# Lacking Romance



## Yoteman89 (Jan 27, 2021)

My wife and I have been married for 10 years and and have kids. Maybe 2 years into our marriage lack of sex became an issue then we went through some very bad times and about a year of nothing. When things got better we began to get some what better but still maybe be romantic maybe once every 3 or 4 weeks. Lately it seems like we are in the same rut. I have brought the issue up to her just trying to figure where things are going wrong but she just says sorry and promises things will get better. I love her to death and tell her daily, do my share of house chores and take care of the kids. I plan date nights and try my hardest to be romantical. However I'm getting tired of trying or doing anything for her because I am used to the same old im tired and we can try to get romantical tomorrow (never happened). Im just not sure how to approach it anymore, or should I just write it off and move on with life?


----------



## DownByTheRiver (Jul 2, 2020)

Two years into your marriage the bad times you went to have anything to do with something that would have caused lack of trust? or do you think it more has to just do with her being busy and exhausted with the kids? Not every woman views being in mom mode as sexy. Some do and some don't. 

if this is going to end up being some kind of deal breaker for you then you're going to have to sit her down and talk seriously about it and tell her that. But it's still no fun having sex with someone who doesn't really want to so it might be that going along the way you are now with her being willing to do it once in a while is better than her being open about only doing it because you want to. 

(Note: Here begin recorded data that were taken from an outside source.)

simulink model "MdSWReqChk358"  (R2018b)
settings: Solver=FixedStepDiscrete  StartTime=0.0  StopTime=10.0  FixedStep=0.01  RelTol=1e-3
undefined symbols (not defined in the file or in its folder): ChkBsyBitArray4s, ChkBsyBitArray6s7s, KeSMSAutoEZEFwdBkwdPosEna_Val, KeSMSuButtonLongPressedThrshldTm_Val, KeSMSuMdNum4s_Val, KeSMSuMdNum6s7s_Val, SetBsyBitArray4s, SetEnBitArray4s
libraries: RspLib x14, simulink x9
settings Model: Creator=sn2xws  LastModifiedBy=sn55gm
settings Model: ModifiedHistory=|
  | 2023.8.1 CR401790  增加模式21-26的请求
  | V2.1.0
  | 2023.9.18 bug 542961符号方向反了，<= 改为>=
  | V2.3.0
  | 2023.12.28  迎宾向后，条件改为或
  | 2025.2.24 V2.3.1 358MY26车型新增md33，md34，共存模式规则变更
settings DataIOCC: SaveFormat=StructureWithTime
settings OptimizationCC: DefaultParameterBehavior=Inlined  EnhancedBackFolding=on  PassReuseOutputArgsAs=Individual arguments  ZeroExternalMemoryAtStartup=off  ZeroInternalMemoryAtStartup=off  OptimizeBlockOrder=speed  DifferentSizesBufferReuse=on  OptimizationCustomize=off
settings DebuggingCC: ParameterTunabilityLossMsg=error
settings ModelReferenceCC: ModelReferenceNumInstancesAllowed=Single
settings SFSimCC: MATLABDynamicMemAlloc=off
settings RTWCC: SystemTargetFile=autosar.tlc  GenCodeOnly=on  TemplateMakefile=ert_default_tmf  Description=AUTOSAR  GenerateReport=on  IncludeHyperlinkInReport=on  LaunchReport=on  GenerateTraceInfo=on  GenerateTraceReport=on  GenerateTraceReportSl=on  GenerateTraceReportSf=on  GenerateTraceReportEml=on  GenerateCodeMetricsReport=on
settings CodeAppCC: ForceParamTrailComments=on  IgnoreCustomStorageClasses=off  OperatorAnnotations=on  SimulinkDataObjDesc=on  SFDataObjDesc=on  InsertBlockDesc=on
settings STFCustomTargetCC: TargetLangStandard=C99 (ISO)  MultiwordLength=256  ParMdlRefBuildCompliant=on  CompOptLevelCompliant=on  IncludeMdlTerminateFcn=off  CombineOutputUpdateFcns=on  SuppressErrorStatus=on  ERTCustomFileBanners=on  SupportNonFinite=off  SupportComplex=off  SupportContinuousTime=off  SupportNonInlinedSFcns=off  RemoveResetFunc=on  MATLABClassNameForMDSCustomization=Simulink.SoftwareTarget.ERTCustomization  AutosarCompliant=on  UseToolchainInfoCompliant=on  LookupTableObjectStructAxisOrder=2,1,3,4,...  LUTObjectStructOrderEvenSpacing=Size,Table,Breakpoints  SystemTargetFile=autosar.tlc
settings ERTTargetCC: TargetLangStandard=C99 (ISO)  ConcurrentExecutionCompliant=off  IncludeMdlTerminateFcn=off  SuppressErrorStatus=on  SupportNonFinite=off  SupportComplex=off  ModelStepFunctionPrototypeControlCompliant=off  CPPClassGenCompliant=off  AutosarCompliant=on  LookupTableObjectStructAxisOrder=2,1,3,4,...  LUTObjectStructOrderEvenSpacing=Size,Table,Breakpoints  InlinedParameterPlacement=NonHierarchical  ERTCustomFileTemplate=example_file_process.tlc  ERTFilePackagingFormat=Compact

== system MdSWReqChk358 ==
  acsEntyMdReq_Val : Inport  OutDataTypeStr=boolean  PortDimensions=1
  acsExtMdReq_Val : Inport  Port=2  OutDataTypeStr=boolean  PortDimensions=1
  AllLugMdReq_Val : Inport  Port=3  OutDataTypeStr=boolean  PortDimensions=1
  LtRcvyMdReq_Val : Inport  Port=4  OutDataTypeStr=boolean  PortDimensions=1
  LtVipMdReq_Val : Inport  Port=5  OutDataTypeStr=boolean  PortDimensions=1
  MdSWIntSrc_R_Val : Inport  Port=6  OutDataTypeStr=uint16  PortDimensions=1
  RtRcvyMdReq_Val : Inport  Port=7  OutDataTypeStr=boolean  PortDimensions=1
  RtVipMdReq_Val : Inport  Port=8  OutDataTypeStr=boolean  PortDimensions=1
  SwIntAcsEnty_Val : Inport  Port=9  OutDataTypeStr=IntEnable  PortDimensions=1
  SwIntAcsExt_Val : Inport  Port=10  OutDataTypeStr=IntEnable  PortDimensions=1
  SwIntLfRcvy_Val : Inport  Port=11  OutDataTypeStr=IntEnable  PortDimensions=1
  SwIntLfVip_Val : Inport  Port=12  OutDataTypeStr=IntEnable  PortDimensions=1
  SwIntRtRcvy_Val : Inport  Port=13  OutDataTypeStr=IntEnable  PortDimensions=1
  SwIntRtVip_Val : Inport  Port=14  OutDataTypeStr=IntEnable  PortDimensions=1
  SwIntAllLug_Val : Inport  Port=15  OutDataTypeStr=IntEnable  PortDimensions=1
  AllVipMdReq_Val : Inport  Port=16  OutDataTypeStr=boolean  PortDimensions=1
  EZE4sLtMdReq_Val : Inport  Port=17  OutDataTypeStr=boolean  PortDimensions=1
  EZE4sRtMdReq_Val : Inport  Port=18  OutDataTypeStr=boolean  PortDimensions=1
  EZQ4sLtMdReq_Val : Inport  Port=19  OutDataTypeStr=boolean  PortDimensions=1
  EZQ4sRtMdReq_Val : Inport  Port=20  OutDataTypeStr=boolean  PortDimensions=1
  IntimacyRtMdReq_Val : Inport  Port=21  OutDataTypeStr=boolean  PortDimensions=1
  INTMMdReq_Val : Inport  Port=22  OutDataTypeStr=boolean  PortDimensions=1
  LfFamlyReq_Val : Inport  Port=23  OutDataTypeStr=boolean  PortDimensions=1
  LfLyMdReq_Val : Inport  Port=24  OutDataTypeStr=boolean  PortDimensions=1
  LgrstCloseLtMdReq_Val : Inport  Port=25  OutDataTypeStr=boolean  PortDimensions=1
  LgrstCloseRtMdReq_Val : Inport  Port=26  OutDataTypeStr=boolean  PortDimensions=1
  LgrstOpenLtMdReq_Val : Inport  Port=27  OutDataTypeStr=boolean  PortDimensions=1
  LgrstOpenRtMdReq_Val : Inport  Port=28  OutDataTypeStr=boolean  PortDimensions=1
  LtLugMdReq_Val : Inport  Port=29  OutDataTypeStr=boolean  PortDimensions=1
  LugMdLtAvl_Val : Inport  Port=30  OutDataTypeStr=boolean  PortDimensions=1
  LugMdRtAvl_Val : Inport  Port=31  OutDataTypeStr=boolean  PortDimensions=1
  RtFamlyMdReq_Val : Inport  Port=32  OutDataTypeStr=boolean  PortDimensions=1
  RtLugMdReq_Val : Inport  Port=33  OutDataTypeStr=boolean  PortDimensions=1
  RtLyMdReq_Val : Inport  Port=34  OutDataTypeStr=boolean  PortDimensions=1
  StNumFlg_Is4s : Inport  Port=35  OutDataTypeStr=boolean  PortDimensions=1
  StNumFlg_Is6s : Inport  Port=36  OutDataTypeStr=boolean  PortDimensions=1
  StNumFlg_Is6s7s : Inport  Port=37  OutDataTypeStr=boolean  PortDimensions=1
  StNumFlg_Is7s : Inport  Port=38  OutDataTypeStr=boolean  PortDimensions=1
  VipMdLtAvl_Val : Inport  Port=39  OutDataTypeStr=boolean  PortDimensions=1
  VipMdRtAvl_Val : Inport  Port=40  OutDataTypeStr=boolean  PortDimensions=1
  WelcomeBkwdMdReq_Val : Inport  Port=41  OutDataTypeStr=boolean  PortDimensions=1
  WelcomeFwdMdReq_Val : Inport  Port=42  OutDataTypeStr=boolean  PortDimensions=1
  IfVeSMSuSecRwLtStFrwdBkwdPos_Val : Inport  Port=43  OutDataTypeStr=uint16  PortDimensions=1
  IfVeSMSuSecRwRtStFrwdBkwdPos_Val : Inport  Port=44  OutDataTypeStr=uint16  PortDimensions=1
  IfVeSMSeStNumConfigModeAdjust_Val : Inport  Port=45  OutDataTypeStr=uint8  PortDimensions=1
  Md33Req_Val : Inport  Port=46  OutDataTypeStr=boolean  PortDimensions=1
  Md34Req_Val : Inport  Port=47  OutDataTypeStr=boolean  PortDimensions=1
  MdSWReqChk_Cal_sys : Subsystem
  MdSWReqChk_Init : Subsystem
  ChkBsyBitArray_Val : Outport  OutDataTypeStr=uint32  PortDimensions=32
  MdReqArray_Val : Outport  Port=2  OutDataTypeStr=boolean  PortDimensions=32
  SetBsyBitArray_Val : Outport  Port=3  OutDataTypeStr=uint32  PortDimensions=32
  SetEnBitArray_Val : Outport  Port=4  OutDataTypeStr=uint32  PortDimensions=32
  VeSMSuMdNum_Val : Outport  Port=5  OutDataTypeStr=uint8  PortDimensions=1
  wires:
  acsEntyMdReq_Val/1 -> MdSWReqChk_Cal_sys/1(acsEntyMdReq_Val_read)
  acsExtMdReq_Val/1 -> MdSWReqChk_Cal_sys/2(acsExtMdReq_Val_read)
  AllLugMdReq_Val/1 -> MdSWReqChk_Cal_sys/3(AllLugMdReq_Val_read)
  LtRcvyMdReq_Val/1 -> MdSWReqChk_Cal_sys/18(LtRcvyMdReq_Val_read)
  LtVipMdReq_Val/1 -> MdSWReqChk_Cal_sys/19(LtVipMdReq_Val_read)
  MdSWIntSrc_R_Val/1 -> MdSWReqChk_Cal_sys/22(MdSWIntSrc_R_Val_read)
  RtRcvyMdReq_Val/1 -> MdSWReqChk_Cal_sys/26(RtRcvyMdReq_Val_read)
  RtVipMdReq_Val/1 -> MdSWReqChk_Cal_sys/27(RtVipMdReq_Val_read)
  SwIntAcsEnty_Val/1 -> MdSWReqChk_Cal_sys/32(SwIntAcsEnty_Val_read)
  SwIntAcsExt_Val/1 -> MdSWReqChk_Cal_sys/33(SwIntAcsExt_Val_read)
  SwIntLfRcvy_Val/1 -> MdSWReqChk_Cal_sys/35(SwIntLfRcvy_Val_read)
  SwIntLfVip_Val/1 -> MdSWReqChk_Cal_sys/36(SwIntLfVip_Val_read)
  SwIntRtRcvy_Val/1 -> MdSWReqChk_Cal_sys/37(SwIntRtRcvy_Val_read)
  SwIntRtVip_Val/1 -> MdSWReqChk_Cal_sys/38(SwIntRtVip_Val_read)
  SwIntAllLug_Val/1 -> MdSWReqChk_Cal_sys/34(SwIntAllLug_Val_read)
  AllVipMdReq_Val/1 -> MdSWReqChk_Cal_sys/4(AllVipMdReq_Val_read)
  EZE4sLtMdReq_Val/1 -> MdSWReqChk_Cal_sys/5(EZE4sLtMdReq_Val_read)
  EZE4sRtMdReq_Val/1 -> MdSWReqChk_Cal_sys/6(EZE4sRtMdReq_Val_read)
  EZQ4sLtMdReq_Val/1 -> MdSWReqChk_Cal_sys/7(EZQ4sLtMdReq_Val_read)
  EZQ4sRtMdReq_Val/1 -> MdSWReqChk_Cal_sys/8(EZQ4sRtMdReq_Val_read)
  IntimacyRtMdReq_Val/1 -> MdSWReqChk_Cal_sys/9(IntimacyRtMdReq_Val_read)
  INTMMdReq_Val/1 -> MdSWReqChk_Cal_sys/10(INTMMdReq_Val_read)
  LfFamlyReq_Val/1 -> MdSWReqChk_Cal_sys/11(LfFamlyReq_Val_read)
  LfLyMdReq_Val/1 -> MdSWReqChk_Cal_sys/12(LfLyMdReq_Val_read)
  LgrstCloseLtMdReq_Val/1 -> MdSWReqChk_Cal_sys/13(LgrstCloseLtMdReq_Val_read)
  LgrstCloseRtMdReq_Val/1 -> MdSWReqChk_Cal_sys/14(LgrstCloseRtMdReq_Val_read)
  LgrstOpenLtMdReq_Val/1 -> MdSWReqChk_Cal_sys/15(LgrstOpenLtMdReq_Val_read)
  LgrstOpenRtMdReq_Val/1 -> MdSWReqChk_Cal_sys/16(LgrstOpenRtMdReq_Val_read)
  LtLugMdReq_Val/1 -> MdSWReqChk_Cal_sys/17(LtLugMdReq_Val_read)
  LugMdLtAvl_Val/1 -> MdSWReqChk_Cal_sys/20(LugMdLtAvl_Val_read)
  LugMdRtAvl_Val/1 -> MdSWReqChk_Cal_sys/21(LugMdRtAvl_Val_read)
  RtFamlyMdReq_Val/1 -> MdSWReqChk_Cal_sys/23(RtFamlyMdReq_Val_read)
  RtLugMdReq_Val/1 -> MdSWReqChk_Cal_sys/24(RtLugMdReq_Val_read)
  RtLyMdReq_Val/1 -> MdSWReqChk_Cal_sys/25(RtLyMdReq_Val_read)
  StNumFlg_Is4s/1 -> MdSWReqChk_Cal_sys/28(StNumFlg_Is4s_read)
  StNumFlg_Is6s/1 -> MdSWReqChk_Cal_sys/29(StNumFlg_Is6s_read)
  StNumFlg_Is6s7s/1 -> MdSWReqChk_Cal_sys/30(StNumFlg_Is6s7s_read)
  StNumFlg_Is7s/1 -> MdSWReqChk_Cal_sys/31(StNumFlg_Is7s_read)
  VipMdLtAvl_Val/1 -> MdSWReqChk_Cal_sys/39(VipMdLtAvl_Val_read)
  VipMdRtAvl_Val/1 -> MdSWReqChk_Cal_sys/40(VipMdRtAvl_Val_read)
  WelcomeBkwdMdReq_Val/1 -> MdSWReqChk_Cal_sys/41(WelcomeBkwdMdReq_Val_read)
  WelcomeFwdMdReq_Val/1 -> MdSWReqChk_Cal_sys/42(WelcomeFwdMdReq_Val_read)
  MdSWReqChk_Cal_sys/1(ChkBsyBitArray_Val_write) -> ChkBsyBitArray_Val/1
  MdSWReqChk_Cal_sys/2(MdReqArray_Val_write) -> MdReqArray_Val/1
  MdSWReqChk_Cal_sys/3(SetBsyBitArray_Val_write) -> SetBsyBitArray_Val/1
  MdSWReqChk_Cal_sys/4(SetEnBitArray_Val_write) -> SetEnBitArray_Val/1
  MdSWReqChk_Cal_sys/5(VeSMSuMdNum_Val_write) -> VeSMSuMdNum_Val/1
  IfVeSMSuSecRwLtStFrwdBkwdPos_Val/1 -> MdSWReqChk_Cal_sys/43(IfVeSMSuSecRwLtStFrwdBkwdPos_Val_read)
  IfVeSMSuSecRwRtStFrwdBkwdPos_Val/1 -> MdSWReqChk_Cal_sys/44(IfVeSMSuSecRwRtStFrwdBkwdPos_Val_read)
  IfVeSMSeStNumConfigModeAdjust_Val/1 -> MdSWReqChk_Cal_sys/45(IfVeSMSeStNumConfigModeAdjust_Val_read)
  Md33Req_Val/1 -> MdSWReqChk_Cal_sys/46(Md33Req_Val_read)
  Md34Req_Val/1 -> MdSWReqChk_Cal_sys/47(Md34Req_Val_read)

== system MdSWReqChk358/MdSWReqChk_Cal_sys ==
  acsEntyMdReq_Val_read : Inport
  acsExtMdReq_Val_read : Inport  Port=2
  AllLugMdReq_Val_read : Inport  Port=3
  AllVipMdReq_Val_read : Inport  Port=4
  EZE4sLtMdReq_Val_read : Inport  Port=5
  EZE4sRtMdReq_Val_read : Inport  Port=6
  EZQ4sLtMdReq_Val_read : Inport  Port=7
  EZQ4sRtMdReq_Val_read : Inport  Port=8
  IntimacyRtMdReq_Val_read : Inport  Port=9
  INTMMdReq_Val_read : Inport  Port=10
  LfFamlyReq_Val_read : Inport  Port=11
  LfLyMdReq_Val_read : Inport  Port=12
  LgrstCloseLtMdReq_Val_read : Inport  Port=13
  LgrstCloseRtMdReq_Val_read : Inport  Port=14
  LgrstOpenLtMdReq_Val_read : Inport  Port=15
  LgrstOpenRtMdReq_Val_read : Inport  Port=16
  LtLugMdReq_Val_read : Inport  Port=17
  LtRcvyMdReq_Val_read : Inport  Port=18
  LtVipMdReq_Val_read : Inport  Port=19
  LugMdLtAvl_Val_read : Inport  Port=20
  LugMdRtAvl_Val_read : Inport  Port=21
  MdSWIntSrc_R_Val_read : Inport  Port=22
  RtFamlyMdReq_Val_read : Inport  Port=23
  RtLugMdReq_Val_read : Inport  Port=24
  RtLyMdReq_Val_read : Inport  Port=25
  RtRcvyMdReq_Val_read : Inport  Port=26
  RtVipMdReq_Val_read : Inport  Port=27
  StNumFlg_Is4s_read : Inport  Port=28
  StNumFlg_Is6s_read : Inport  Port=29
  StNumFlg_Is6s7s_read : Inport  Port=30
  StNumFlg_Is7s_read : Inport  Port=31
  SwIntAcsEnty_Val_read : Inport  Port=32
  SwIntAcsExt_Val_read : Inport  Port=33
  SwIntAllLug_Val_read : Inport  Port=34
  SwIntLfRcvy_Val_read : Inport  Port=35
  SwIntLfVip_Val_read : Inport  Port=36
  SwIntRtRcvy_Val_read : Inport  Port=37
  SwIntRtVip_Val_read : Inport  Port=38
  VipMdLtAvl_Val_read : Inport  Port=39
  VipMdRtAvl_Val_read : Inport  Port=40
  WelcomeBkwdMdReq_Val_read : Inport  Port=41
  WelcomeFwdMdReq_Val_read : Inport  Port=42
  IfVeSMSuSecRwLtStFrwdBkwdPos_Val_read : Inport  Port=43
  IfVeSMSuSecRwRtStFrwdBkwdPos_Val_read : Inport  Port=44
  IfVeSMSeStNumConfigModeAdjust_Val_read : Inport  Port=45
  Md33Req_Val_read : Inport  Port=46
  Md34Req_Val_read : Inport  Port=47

It's a sad fact that quite a few marriages end up in this pattern. It just comes down to the difference between men and women I think.


----------



## Yoteman89 (Jan 27, 2021)

The rough times stemd from her actions. I know working and being a mother is tiresome and I help all I can. As far as being a deal breaker it most defintly is not at this point but it does hurt as it feels important to me for our marriage. It used to be as bad as it just felt like we were room mates and took care of kids, house and our jobs.


----------



## DownByTheRiver (Jul 2, 2020)

So whatever happened to yours into your marriage kicked this thing off as best you can tell? Even though it was her actions does she have some resentment or trust issues from that?


----------



## Girl_power (Aug 11, 2018)

You need to talk to her, she needs to give you more information than I’m tired. Ask what you can do for her! What she Invisions the solution might be? Ask if she misses the Intimacy...


----------



## Lostinthought61 (Nov 5, 2013)

have you asked a simple question......how would she rate your relationship in areas of love, strengthen, sex and bond?


----------



## Personal (Jan 16, 2014)

Yoteman89 said:


> Im just not sure how to approach it anymore,


*Things To Say*

In no particular order.


"Show me your tits,... go on show "em."
"Bend over and show me."
"I know you want it."
"Drop your knickers, you won't be needing them."
"Put it in your mouth."
"Later on when I have time, I'm going to **** you."
"It's time for you to smudge your lipstick.
Etc.

*Things To Do*

In no particular order.


Kiss her a couple of times very lightly on the side of the neck, then briefly run your teeth down her neck. Then stop, smile at her followed by walking away.
Best done when she is wearing a short dress or skirt. Place hand lightly on the back of her thigh just below her buttocks. Then run the hand up ont her buttocks, with a gripping motion with your fingertips reaching towards her vuvla from behind. Then let go while making a complimentary comment and walk away.
Hold one of her hands, then briefly look into her eyes. Followed by a short, light and yearning sexual kiss on her lips."
Physically lead her to the edge of a table, bed or chair. Then from behind run your fingers through her hair in a brief downward scalp massaging way. Followed by bending her over and groping her behind to access her sex from behind.
Show her your erect penis.
Etc.

The above should be enough in terms of examples to get the idea.

Do this kind of stuff daily or at least every few days, even if you don't share sex daily or every few days..

Being sexual quite frequently including in a fleeting manner. Goes a long way to having ones sexual partner thinking about sex and wanting to have sex.

Try not to be too timid, show plenty of desire for your partner sexually.

When rejected, with a smile say things like; "Well you're missing out." "I'll have you later." "You'll get to have me next time." Etc.


----------



## Blondilocks (Jul 4, 2013)

Maybe she doesn't understand what 'romantical' means.


----------



## Yoteman89 (Jan 27, 2021)

I will try to talk to her more about. Normally she just get mad and says all I think about is sex when the reality is I'm just looking that romantical connection with her but we will see.


----------



## oldshirt (Apr 1, 2017)

Yoteman89 said:


> The rough times stemd from her actions.


You’re being evasive and intentionally leaving out what is likely key information.

What did she do?


----------



## Livvie (Jan 20, 2014)

Romantical isn't a word.


----------



## Rowan (Apr 3, 2012)

Honey, "romantical" is not a word. "Romantic", is.

But, let's not pretend that what you're actually after is more romance. You likely wouldn't be satisfied with just more cuddles, more hand-holding, more flowers, more candle-lit dinners, more long walks on the beach. What you're actually after is more SEX.

And that's actually okay. It's perfectly reasonable and completely normal. But conflating the two is probably not getting you very far. Because when you say you want romance, what your wife hears is that you want actual _romance_. If you're saying you want romance, and then going for sex, you're not being clear. And you're causing confusion for both of you. Because, what your wife actually wants is, very likely, more romance. And she may not equate romance with sex, because sex isn't as big a need for her as it is for you.

You two are not meeting one another's most important relationship needs. Most men need sex and someone to have fun with. Like when you two were dating. Most women need conversation and non-sexual affection. Like when you two were dating.

Start by reading the book "Fall In Love, Stay In Love," by Willard Harley. Do the work it suggests. It will help you stop doing things that are killing love in your marriage, and it will tell you what you need to be doing to build and maintain love in your marriage - so, essentially, giving you both what you need from a relationship. Try it for yourself for a few months, and if it helps then see if your wife will read it and do the work with you.


----------